→ TASK OBJECTIVE: Could you copy out all the lines in the material below where the word "Align" occurs?

→ SOURCE DATA:
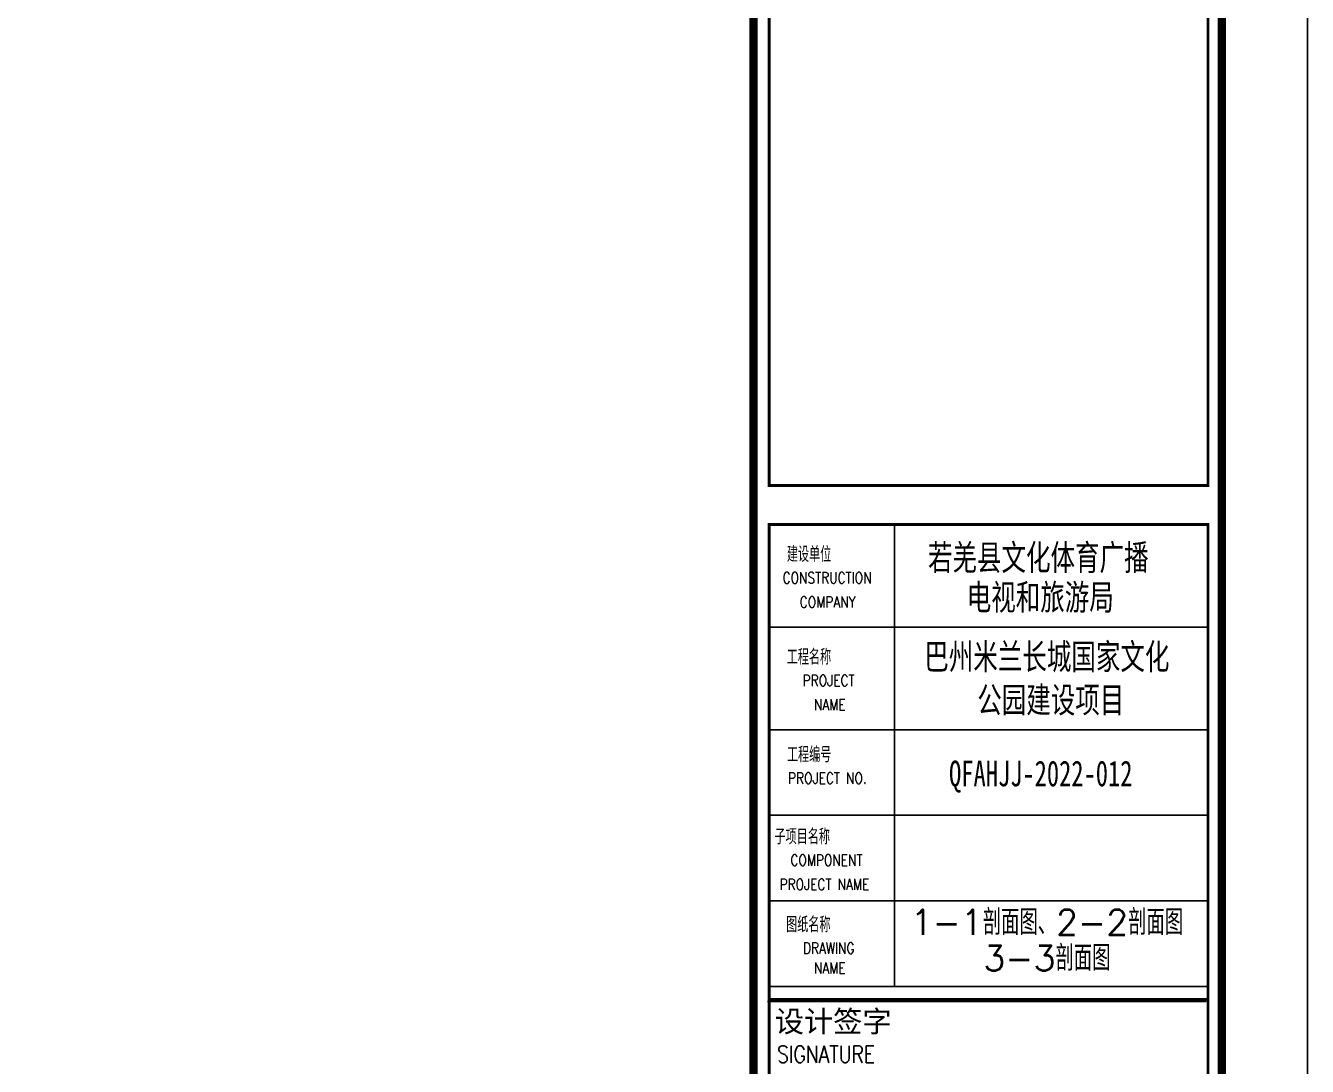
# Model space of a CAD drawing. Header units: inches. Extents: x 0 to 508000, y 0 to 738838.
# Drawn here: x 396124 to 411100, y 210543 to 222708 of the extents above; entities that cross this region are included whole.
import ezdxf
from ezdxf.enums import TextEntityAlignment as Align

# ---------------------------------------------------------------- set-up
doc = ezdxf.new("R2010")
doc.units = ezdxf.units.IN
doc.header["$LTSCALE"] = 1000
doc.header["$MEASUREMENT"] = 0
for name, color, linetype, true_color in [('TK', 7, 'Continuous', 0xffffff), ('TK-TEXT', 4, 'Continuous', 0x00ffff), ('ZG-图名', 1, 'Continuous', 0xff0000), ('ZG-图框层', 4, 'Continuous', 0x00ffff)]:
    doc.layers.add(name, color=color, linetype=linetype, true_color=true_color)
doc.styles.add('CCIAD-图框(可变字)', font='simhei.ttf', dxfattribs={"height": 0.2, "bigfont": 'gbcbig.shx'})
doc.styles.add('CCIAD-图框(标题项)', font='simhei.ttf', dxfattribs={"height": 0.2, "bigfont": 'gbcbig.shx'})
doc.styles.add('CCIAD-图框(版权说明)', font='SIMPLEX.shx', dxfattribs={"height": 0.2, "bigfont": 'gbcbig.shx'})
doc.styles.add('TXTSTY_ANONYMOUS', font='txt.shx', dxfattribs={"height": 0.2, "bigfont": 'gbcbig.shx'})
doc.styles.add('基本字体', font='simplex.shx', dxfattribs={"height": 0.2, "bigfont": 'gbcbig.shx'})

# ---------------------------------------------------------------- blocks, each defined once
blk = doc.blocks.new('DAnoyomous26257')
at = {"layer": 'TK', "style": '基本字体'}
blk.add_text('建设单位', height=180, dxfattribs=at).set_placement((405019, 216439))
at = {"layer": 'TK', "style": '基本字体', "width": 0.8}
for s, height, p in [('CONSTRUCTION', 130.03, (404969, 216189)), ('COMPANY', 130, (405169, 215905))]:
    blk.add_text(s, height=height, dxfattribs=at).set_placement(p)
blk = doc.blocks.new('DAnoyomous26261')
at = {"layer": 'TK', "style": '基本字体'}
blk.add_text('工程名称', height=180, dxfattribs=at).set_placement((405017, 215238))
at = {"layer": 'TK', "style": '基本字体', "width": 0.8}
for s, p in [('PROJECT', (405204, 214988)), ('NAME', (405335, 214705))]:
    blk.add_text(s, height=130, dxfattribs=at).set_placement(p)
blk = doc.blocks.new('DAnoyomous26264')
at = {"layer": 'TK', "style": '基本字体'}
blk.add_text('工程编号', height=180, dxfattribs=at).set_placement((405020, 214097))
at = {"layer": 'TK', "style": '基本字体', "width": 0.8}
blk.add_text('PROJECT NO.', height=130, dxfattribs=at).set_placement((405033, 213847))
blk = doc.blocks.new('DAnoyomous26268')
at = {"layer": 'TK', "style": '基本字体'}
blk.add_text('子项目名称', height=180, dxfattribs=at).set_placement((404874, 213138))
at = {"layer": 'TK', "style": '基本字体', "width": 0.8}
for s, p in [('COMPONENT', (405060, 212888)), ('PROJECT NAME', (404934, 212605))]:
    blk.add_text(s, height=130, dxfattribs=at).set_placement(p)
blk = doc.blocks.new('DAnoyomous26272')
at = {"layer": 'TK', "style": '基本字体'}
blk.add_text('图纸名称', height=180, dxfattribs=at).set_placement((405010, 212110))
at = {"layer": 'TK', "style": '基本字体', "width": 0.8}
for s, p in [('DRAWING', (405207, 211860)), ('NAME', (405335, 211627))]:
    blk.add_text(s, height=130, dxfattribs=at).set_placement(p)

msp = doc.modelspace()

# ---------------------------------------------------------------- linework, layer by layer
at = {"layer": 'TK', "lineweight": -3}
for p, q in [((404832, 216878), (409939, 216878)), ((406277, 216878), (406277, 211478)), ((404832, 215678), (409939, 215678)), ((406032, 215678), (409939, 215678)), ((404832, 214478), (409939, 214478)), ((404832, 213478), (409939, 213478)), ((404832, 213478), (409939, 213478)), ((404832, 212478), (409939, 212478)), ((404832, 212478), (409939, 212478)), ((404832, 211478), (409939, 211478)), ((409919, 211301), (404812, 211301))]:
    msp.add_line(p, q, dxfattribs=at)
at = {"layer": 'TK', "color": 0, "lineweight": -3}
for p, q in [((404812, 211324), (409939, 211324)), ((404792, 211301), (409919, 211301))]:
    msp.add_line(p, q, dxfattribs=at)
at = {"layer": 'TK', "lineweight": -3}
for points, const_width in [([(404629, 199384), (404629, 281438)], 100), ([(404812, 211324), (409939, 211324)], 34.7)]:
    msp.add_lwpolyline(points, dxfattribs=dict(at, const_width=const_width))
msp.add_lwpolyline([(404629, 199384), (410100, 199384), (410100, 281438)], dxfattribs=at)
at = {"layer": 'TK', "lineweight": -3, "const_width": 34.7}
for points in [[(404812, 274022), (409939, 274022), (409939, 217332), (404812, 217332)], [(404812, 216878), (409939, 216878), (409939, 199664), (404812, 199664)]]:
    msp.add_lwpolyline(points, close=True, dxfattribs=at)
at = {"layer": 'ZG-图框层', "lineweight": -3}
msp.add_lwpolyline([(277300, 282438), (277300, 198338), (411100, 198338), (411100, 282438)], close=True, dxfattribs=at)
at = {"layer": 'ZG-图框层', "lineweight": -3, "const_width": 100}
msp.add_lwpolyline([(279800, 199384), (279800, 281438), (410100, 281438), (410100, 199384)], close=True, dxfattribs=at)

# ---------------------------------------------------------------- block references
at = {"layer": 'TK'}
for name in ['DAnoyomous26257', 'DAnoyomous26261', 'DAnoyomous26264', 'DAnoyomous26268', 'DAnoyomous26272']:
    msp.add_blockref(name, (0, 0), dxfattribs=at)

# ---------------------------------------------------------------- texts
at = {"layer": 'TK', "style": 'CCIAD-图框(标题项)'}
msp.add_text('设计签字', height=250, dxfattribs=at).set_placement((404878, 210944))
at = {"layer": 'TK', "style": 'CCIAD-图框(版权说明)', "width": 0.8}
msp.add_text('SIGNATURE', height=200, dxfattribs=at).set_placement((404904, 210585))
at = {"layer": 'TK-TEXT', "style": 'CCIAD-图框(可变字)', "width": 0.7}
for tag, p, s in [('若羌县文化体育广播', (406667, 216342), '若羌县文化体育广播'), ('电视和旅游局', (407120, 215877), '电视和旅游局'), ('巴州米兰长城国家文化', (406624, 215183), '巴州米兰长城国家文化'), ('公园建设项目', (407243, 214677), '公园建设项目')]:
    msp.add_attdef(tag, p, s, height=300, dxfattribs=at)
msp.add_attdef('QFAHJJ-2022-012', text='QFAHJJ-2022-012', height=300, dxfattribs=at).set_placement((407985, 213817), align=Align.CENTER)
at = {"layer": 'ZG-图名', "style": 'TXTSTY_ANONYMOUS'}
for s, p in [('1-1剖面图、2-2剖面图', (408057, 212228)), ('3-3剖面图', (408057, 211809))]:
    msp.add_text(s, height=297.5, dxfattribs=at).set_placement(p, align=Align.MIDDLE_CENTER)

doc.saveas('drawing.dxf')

→ RESPONSE:
from ezdxf.enums import TextEntityAlignment as Align
msp.add_attdef('QFAHJJ-2022-012', text='QFAHJJ-2022-012', height=300, dxfattribs=at).set_placement((407985, 213817), align=Align.CENTER)
    msp.add_text(s, height=297.5, dxfattribs=at).set_placement(p, align=Align.MIDDLE_CENTER)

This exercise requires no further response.